Task prompt -
For the material below, return exactly the lines starting at the line containing "1) x (1, 0, 0)" and ending at the line containing "line L2 (0, 0) -> (0, -13.5)", both ends included, and no others.

● ● ●

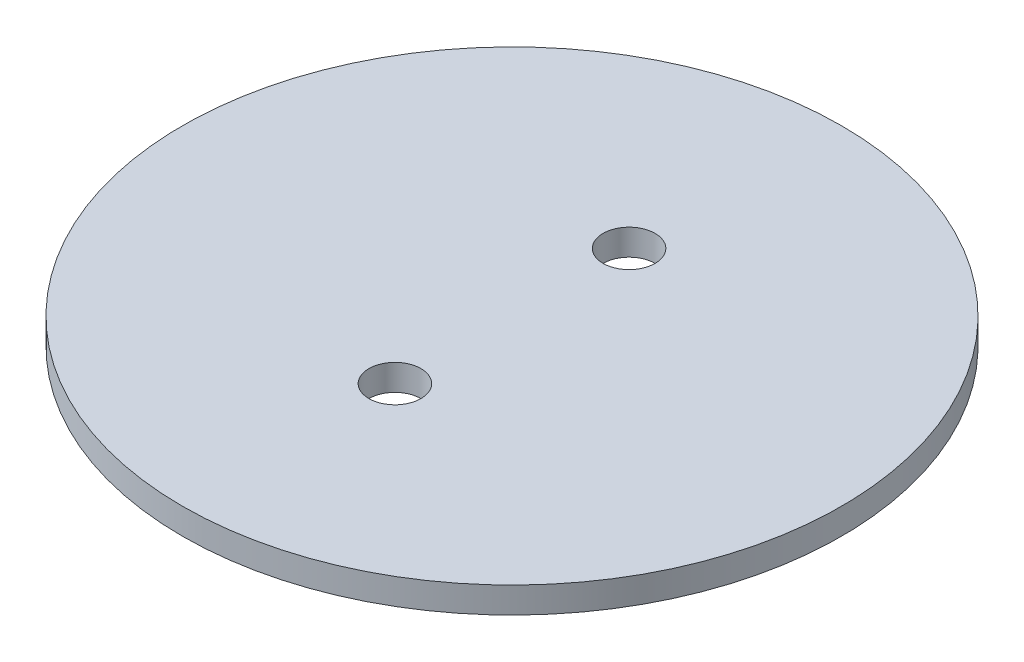
SolidWorks part; units mm, degrees
ref_plane "Front Plane" through (0, 0, 0) normal (0, 0, 1) x (1, 0, 0)
ref_plane "Top Plane" through (0, 0, 0) normal (0, 1, 0) x (1, 0, 0)
ref_plane "Right Plane" through (0, 0, 0) normal (1, 0, 0) x (0, 0, -1)
sketch "Sketch1" plane through (0, 0, 0) normal (0, 1, 0) x (1, 0, 0)
  line L0 (-28.5, 0) -> (28.5, 0) construction
  line L1 (0, 0) -> (0, 13.5)
  line L2 (0, 0) -> (0, -13.5)
  circle A0 centre (0, 0) radius 38
  circle A1 centre (28.5, 0) radius 3 construction
  circle A2 centre (-28.5, 0) radius 3 construction
  circle A3 centre (0, 13.5) radius 3
  circle A4 centre (0, -13.5) radius 3
  circle A5 centre (-28.5, 0) radius 6.25 construction
  circle A6 centre (0, 13.5) radius 12.5 construction
  circle A7 centre (0, -13.5) radius 12.5 construction
  circle A8 centre (28.5, 0) radius 6.25 construction
  point P11 (0, 0)
  dimension "D1" = 76
  dimension "D3" = 6
  dimension "D4" = 13.5
  dimension "D5" = 6
  dimension "D6" = 12.5
  dimension "D7" = 25
  dimension "D2" = 57
extrude "Boss-Extrude1" add sketch "Sketch1" against normal blind 3

● ● ●

The answer -
ref_plane "Front Plane" through (0, 0, 0) normal (0, 0, 1) x (1, 0, 0)
ref_plane "Top Plane" through (0, 0, 0) normal (0, 1, 0) x (1, 0, 0)
ref_plane "Right Plane" through (0, 0, 0) normal (1, 0, 0) x (0, 0, -1)
sketch "Sketch1" plane through (0, 0, 0) normal (0, 1, 0) x (1, 0, 0)
  line L0 (-28.5, 0) -> (28.5, 0) construction
  line L1 (0, 0) -> (0, 13.5)
  line L2 (0, 0) -> (0, -13.5)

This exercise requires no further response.